Talk:Rail freight transportation in New York City and Long Island

Latest comment: 6 years ago by InternetArchiveBot in topic External links modified


The Hudson edit

Thanks for the very careful recent edits, but I'd quibble about one point. Most of what is written about this issue refers to the Hudson as the barrier. In fact much of the Hudson (i.e. up to Albany) is an obstacle, not just the North River section. I've added a mention of North River under History. --agr (talk) 21:42, 2 January 2012 (UTC)Reply


Map edit

Here is a map that might be useful with some edits: File:Railway map around New York City.png. --agr (talk) 20:38, 23 March 2012 (UTC)Reply

Bridging the Hudson edit

Various proposals were made to bridge the Hudson between Hudson County and Manhattan: namely, in 1890 between Hoboken and 23rd Street, and later between North Hudson and West 60s. The construction of piers in the river and/or lack of space to build approaches high enough for a suspension bridge, plus the unwillingness of competing railroads to share the enormous cost, made the project prohibitive. ref: http://babel.hathitrust.org/cgi/pt?id=pur1.32754082240767;num=3;seq=3;view=1up Djflem (talk) 14:55, 19 November 2012 (UTC)Reply

2016 report edit

"Report Card for New Jersey's Infrastructure" (PDF). American Society of Civil Engineers. 2016. Retrieved 20 January 2017. "A particularly important portion of New Jersey's freight rail network is into and out of the Port of New York and New Jersey. The network is far better developed and better connected to the national rail network west of the Hudson River in New Jersey than it is east of the Hudson River in New York. Critical rail connections to the eas wwt-of-Hudson market are remote, inefficient, or have capacity restrictions. The result is that the region is overwhelmingly dependent on trucks for moving freight across congested chokepoints to and from the east-of-Hudson counties. Consequently, highways in both States leading to and serving the east-of-Hudson counties, and the communities they traverse, experience the greatest proportion of surface freight transport impacts, and freight shippers, receivers, and carriers throughoutthe region suffer the acute and chronic negative effects of growing highway congestion. This freight-related traffic congestion inconveniences everyone involved and inflicts environmental and economic costs on the region.To improve the movement of freight in the Port region the Federal Highway Administration (FHWA) and the Port Authority of New York and New Jersey prepared a Tier I Environmental Impact Statement for the Cross Harbor Freight Program. This study evaluated numerous alternatives for the improvement of transportation capacity and operation.
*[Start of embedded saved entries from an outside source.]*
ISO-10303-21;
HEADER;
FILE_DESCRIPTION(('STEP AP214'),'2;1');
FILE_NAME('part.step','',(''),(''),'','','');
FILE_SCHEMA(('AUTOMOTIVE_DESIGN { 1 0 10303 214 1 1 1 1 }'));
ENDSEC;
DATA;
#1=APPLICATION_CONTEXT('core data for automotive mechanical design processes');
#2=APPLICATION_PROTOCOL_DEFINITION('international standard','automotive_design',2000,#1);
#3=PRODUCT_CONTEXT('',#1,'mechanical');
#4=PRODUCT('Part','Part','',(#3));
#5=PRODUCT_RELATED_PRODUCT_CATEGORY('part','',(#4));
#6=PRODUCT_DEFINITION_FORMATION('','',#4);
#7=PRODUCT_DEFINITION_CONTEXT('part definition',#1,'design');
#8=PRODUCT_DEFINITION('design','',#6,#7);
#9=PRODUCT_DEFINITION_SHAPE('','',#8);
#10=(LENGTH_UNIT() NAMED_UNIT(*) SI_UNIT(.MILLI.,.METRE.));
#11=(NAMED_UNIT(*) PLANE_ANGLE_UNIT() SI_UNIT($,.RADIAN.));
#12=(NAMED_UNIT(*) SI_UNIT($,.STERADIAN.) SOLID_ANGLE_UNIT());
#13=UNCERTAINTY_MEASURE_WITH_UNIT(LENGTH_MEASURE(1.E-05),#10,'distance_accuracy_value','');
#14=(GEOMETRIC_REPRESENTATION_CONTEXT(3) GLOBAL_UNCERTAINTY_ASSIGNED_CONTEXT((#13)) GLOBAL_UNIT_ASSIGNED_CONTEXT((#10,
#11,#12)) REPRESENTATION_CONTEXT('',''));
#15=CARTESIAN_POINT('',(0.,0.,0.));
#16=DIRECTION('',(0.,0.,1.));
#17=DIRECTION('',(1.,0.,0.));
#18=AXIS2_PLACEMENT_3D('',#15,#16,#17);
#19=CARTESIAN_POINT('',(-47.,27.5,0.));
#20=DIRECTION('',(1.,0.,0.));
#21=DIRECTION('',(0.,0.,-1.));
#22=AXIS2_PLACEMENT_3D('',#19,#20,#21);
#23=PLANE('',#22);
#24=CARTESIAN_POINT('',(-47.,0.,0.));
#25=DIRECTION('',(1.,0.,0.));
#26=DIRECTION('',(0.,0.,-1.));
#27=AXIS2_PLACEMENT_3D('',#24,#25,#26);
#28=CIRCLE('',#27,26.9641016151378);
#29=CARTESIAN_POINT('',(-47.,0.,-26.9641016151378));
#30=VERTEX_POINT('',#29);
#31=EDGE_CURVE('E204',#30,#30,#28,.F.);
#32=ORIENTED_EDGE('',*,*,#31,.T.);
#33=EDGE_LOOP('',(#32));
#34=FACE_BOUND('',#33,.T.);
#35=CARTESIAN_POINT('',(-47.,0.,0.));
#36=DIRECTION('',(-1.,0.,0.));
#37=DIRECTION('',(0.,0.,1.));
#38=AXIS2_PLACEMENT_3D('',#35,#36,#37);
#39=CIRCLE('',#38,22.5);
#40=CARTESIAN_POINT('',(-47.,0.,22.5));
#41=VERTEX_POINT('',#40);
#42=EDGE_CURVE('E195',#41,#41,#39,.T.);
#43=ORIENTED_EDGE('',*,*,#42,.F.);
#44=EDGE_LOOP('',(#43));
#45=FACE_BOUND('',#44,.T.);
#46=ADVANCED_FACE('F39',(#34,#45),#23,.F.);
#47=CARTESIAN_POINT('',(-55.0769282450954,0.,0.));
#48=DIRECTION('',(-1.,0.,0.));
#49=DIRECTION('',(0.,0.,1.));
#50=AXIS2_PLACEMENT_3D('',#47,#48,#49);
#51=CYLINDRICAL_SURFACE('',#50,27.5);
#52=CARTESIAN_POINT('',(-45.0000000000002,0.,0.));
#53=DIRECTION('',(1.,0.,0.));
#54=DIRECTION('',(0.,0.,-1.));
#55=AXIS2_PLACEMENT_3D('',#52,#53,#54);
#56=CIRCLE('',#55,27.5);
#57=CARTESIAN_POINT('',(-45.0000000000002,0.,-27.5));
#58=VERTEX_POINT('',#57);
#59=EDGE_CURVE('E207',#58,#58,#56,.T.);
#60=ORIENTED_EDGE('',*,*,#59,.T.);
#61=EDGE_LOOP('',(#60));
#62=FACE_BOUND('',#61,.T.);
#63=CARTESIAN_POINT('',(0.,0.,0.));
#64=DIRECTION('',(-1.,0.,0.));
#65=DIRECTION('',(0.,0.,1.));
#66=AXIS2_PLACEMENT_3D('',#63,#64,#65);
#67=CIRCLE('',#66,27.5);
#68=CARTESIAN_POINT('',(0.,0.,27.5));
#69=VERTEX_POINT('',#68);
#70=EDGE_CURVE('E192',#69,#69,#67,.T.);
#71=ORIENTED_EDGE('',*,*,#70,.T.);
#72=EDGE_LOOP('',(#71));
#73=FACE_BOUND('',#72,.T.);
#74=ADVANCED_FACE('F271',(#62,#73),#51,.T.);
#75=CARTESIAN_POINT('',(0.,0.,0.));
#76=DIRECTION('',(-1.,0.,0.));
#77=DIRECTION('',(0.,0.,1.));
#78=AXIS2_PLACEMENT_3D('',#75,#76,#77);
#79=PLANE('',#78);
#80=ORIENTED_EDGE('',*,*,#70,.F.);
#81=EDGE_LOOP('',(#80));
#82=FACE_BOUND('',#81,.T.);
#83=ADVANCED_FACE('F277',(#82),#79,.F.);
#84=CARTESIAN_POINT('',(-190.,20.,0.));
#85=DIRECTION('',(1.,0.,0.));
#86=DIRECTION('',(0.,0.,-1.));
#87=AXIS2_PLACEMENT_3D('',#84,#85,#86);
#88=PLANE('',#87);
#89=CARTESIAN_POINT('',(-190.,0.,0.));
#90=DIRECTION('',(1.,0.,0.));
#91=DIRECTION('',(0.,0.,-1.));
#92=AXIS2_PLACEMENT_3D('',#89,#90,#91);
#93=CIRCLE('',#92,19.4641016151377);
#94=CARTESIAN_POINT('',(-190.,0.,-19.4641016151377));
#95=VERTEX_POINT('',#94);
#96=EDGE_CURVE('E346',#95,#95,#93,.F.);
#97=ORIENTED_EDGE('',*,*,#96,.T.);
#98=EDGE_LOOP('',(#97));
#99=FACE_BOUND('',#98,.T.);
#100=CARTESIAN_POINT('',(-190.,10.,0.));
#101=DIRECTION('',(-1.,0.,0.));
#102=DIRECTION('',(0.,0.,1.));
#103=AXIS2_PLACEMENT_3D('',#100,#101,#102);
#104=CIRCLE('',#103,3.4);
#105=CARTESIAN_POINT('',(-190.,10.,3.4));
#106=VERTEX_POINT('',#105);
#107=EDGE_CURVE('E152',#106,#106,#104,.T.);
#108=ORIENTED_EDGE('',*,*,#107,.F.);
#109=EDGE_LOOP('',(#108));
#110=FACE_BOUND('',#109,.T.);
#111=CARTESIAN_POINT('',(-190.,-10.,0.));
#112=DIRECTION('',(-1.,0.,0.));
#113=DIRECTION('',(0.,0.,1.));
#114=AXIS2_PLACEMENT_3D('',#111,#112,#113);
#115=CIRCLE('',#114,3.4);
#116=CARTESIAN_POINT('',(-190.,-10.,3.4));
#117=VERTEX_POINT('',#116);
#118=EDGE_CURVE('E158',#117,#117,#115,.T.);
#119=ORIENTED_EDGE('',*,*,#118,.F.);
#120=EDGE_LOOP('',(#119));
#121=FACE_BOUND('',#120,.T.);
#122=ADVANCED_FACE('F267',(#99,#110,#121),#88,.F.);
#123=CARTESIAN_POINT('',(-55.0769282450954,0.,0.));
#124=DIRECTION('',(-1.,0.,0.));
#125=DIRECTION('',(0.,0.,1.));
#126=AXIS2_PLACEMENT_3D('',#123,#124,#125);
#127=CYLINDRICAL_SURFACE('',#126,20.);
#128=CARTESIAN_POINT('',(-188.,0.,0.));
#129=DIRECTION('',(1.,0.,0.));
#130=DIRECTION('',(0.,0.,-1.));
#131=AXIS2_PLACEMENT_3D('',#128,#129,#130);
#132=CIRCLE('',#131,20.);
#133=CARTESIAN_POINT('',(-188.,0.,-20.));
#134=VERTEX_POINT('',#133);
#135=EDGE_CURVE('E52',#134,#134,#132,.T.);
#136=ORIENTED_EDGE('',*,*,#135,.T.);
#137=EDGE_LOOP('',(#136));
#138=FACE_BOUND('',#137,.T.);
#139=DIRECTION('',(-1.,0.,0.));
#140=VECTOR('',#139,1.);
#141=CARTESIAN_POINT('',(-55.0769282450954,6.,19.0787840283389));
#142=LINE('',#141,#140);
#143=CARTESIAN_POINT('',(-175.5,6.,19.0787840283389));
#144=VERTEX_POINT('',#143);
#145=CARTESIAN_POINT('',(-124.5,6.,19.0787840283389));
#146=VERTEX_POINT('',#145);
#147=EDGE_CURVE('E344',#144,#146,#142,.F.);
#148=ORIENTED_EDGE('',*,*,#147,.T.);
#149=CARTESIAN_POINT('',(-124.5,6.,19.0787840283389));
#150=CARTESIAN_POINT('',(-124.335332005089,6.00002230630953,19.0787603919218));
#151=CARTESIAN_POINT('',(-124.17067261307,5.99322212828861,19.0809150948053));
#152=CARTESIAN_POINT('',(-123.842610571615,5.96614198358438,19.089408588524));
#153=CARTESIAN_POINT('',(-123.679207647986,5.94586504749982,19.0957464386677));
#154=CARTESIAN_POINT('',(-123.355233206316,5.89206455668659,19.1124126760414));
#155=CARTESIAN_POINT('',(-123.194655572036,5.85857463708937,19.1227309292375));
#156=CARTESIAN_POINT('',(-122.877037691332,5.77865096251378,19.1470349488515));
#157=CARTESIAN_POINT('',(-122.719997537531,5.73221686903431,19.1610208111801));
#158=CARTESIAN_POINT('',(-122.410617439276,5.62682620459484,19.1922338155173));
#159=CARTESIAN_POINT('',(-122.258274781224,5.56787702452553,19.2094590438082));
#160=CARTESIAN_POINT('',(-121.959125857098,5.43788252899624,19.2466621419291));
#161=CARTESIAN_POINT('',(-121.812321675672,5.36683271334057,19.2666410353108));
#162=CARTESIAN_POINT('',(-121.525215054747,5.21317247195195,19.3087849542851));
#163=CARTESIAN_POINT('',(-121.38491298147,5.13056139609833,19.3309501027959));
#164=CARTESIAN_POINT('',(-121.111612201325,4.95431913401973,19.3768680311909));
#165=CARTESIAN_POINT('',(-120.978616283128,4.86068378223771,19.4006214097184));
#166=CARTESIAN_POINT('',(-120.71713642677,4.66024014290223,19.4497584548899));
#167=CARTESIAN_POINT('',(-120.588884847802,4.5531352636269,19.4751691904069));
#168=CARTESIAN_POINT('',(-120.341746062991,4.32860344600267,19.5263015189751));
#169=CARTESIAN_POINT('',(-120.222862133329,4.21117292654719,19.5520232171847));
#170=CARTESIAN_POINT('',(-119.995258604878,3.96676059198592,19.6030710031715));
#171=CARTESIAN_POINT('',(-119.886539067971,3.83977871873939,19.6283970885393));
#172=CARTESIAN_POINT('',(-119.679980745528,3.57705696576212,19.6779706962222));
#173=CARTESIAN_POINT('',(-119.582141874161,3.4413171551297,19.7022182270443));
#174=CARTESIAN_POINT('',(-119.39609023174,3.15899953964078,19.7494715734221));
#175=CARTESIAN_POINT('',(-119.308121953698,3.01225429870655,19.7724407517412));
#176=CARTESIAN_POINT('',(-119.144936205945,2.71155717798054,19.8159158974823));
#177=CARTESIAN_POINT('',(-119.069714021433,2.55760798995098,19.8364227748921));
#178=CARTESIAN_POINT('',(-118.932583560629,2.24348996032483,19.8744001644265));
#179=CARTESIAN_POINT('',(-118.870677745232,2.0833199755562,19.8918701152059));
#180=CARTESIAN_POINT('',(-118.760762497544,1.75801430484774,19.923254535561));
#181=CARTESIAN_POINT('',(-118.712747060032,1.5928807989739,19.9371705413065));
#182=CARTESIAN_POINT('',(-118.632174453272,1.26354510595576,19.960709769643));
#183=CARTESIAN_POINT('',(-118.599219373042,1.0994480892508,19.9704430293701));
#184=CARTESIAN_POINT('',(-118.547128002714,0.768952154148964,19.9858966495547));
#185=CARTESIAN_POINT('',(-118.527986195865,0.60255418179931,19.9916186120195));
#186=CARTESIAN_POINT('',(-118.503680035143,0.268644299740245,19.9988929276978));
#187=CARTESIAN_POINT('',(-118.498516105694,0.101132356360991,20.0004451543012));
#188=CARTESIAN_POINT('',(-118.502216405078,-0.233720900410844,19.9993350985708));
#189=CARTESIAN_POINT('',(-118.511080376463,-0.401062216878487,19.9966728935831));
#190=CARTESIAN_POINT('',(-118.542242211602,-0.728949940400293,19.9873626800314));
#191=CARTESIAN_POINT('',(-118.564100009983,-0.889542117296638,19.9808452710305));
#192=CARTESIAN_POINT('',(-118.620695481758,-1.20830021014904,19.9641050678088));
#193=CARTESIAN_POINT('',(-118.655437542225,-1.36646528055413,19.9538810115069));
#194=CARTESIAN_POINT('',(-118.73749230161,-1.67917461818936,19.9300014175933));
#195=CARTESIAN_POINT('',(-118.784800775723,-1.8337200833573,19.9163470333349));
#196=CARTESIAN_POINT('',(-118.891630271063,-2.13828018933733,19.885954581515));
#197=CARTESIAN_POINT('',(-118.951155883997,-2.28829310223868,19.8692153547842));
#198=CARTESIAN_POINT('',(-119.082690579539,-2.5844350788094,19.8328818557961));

After a review of public and agency comments the FHWA released the Tier I Record of Decision (ROD) in January 2016. It identified two Preferred Alternatives – the Enhanced Railcar Float Alternative and the Rail Tunnel Alternative – for additional review in a Tier II EIS. As stated in the ROD, "Tier II will include analyses based on engineering designs and site-specific effects, development of site-specific mitigation measure, and cost estimates, as appropriate."

1.8% edit

JANNA CHERNETZ, VINCENT PELLECCHIA (February 3, 2017). "Traffic Problems in Fort Lee? It's Because Freight Trains Can't Get to New York". Tri State Transportation Campaign. Retrieved 5 February 2017. While almost 40 percent of U.S. intercity freight moves by rail, in New York City and its surrounding counties, it's only 1.8 percent. And it's not just New York that feels the impact: over 90 percent of freight that crosses the Hudson River is moved by truck.

ASCE report card 2017 edit

"Infrastructure Report Card". American Society of Civil Engineers. April 2017. Retrieved 10 April 2017.